The World Health Organization Screening programmes: a short guide outlines the general issues very well. Decision-makers must decide whether multiple early and imprecise tests provide more benefit than reducing screening interventions to later, more accurate tests from the age of four years. The advent of photoscreening, possible in very young children (see chapter 8) has highlighted these controversies further.Although amblyopia outcomes are better if treatment is started early, differences are small and outcomes are still generally good even if treated later, as long as treatment is carried out within the critical period. For example, the large UK ALSPAC cohort study compared children screened 6 times up to 37 months, with a group tested just once at 37months. Amblyopia treatment outcomes were good in both groups (both better than a mean of 0.2 logMAR) and the intensively screened group only saw an average of 3 letters better than the later, single screened group)12 13 found little effect from removing a screening at 6-9 months, and modelled14 that omitting a further screening at 24 months would also not lead to significantly worse outcomes. Moving screening from 3-4 years including orthoptic testing, to a VA test alone at school entry 4-5 years in the UK made little difference to outcomes, but because parents did not have to bring their children to be tested, population coverage increased dramatically15. This clear advantage may not apply in countries with significantly later school entry age unless most children attend nursery or kindergarten before formal schooling.
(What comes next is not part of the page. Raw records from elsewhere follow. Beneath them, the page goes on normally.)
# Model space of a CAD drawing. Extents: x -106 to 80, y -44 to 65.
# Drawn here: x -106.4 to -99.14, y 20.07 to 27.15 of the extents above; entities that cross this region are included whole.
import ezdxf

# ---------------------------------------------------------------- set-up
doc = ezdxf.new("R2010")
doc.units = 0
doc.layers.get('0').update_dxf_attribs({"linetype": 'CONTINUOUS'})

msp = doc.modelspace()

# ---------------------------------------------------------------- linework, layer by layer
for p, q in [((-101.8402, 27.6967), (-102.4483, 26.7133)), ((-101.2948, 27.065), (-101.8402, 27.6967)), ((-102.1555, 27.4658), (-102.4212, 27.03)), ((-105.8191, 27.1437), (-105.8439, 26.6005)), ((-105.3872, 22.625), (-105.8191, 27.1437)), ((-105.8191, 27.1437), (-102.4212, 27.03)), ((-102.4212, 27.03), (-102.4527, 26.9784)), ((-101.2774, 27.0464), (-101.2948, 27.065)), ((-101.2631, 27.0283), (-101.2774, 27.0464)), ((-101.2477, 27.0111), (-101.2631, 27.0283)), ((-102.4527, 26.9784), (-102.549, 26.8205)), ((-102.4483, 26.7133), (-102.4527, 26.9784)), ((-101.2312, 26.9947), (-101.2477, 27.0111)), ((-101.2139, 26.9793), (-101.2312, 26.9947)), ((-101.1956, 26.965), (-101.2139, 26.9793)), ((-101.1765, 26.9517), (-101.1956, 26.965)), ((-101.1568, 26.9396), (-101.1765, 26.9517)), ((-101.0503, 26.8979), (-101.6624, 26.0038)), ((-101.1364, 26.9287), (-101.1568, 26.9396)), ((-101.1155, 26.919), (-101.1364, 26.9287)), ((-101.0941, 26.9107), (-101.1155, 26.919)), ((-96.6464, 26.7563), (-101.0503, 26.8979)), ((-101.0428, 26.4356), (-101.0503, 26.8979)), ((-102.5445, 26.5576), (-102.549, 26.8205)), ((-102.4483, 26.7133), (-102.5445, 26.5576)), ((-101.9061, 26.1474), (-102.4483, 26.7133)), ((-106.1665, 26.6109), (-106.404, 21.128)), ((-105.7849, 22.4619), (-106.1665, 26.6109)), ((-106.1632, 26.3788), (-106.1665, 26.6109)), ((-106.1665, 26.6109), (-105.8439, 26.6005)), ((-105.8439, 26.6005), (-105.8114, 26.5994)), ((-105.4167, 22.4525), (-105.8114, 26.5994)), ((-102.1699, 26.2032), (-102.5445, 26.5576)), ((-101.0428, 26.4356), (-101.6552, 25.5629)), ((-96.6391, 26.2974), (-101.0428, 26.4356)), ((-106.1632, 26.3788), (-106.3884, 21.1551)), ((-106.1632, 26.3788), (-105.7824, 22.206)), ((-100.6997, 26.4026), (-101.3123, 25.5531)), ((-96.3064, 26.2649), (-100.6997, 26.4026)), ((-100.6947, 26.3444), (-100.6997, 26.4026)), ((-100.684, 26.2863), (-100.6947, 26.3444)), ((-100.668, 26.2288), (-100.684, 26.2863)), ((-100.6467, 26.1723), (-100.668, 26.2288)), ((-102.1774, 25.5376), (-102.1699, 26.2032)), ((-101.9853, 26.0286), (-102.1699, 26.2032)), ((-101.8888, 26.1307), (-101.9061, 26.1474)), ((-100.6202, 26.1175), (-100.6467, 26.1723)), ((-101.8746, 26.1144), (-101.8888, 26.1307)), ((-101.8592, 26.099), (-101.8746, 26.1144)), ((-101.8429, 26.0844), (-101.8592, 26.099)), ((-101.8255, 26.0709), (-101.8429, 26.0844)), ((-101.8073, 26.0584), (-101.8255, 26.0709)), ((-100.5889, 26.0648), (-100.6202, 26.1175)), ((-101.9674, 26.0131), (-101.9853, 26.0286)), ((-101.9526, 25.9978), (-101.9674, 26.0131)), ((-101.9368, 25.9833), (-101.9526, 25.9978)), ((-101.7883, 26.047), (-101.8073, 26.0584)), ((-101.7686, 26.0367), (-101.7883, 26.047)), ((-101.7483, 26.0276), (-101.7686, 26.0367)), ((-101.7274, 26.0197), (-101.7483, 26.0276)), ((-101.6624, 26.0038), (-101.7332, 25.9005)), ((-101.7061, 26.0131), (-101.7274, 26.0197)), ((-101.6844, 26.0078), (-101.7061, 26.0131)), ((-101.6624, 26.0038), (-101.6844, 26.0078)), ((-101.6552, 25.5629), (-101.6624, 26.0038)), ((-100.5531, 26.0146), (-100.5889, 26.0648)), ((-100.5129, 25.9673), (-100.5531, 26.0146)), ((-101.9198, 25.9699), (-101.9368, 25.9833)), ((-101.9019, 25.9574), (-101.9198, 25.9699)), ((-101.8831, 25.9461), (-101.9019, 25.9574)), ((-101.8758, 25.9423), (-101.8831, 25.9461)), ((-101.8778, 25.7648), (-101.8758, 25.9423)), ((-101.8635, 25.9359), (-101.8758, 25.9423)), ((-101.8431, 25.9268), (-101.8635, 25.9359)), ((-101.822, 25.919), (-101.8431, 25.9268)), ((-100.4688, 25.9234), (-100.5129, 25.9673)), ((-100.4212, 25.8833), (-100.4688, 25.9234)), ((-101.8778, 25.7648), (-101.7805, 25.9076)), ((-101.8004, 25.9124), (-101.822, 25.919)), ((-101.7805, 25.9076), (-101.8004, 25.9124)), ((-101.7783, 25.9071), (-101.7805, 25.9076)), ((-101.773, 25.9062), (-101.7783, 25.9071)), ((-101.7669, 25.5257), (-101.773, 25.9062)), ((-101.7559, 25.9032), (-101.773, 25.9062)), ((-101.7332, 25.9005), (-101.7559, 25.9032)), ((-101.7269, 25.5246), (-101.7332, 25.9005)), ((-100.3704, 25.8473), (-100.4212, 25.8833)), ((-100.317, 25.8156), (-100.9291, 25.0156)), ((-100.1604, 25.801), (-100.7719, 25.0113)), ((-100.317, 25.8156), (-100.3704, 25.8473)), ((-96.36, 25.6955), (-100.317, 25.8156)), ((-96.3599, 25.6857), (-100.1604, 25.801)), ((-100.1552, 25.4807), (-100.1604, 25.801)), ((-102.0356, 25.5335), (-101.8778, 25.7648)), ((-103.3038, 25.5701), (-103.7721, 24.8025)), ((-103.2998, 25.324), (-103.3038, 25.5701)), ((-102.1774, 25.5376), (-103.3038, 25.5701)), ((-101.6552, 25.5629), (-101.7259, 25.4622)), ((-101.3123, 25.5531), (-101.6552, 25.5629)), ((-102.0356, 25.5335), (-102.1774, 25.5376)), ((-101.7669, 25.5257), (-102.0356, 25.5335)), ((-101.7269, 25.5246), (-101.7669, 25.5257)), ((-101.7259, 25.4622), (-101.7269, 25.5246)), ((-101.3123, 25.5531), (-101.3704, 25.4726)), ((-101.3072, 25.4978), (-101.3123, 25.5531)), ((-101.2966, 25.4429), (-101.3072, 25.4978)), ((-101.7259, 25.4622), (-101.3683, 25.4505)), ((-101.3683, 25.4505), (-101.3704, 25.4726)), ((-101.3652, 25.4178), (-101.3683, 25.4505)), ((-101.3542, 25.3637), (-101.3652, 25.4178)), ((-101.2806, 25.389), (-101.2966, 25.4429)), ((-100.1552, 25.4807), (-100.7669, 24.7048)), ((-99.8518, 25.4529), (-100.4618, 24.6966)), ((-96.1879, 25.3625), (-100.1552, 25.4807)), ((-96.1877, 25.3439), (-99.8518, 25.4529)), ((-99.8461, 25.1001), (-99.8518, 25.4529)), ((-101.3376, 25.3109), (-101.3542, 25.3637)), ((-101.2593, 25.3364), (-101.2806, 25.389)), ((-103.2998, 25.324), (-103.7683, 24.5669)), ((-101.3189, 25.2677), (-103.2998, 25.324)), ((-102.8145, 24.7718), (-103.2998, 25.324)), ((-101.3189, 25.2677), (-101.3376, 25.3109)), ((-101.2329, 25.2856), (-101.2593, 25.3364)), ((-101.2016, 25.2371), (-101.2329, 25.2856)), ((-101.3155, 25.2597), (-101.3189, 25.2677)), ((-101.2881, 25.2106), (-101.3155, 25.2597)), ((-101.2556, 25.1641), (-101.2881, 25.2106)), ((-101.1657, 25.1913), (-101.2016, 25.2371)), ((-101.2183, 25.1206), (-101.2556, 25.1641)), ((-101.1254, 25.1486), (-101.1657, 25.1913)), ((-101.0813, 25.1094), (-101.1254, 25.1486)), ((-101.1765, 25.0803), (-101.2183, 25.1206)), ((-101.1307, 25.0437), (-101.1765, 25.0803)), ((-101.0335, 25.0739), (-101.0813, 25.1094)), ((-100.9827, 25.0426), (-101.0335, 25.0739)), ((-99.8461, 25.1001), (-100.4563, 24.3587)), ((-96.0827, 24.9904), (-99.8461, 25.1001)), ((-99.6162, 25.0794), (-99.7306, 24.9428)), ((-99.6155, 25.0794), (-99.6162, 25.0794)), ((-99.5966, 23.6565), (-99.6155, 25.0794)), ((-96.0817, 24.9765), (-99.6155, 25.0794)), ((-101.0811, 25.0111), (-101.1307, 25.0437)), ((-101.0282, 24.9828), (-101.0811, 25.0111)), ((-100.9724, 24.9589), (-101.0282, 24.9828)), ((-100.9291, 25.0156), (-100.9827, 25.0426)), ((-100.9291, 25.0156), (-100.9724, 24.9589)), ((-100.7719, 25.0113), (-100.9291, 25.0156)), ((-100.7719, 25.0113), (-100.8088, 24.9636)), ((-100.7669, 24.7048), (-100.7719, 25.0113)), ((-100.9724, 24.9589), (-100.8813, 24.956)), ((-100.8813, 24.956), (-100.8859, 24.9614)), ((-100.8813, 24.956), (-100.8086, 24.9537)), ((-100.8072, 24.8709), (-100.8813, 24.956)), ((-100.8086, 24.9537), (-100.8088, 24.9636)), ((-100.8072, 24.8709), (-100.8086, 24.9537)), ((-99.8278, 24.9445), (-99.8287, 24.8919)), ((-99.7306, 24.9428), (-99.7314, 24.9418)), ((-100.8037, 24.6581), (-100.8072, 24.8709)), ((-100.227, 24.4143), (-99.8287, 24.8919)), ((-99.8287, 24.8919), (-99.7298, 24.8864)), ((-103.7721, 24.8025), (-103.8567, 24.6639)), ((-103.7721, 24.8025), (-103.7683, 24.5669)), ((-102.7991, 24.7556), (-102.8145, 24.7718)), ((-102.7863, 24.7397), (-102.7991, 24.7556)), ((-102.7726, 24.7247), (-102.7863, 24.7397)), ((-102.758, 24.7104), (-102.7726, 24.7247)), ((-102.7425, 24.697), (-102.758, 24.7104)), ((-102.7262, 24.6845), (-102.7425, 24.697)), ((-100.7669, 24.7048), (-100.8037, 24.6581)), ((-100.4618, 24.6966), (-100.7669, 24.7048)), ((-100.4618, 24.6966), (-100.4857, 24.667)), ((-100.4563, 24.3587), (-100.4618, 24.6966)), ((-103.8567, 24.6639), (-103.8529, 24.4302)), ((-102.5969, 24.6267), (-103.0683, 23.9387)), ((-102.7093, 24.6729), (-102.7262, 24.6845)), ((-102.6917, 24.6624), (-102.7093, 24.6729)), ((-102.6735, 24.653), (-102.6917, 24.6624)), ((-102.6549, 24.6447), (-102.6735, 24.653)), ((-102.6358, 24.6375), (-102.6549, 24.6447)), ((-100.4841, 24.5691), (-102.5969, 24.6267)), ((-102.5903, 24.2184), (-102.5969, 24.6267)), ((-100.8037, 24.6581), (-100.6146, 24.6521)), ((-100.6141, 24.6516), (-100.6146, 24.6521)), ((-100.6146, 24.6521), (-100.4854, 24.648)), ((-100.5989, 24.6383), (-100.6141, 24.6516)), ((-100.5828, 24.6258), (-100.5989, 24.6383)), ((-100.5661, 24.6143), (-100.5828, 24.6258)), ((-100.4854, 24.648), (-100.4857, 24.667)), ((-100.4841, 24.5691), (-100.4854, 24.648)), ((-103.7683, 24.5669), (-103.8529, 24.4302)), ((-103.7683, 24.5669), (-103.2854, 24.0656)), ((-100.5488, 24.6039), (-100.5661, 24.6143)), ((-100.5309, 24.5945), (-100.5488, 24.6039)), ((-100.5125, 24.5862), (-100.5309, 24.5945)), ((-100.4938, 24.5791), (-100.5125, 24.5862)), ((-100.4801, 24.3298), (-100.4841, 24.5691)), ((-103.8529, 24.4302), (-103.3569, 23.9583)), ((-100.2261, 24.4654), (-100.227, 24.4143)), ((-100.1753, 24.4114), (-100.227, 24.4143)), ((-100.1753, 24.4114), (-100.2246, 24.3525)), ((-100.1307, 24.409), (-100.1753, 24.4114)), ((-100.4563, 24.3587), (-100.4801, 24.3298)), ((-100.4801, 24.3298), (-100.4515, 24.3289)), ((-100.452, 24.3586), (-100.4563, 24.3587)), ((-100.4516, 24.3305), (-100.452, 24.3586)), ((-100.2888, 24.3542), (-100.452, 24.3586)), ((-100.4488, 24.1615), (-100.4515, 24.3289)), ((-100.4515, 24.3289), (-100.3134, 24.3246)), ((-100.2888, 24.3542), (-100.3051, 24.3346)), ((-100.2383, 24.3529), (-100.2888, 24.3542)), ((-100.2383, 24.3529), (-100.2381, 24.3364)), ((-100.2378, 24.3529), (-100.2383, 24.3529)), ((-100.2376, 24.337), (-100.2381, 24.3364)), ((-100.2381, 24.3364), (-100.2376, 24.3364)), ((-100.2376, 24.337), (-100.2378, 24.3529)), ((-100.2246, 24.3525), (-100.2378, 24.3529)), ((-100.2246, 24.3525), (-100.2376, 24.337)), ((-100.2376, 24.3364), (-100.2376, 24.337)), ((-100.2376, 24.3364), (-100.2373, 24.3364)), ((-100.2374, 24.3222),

Looking for strabismus, refractive error and other risk factors for low vision in very young children may change what actually becomes the target condition. Although a screening service may say it targets amblyopia and significant low vision, by referring children who are at risk for low vision, rather than children who actually have low vision, many more children will be referred and then receive treatment for a non-amblyopic condition.

 

Think box: which choice would you make?

 

Refer when low VA can be proved from a single VA test (4-5years) – e.g. the UK model:

– Only children with actual low vision receive treatment

– Amblyopia and everyday low vision remain the target conditions

– Mild, non-amblyogenic conditions will not be referred and so only be treated as they present later

– Low cost – fewer referrals, high PPV for the target condition

– Treatment for genuinely amblyopic children may not start until later in the critical period, so outcomes may be marginally worse, but are marginally worse outcomes significant to an individual’s functional or quality of life, or at a population level?

– Risk of harm rests on these marginally worse outcomes and possible adverse effects of mild conditions

 

OR

 

Refer earlier from risk factor screening (inaccurate VA tests / orthoptic tests / photoscreening at under 4 years) (common in many high-income countries):

– Children who might have low vision receive treatment to mitigate or prevent amblyopia

– Risk factors become the target condition for the screening

– Marginally better amblyopia treatment outcomes

– Conditions other than low vision and amblyopia will be referred and treated (mild refractive errors, non-amblyopic, cosmetically insignificant strabismus, convergence or stereovision defects

– Evidence that these conditions are socially significant is still equivocal

– Once referred, amblyopic  children need more appointments from expensive services and longer treatment and supervision

– Much more expensive – to parents and health services. Are your country and population able and willing to pay for it?

– Risk of harm rests on costs and potential for over-treatment of insignificant conditions.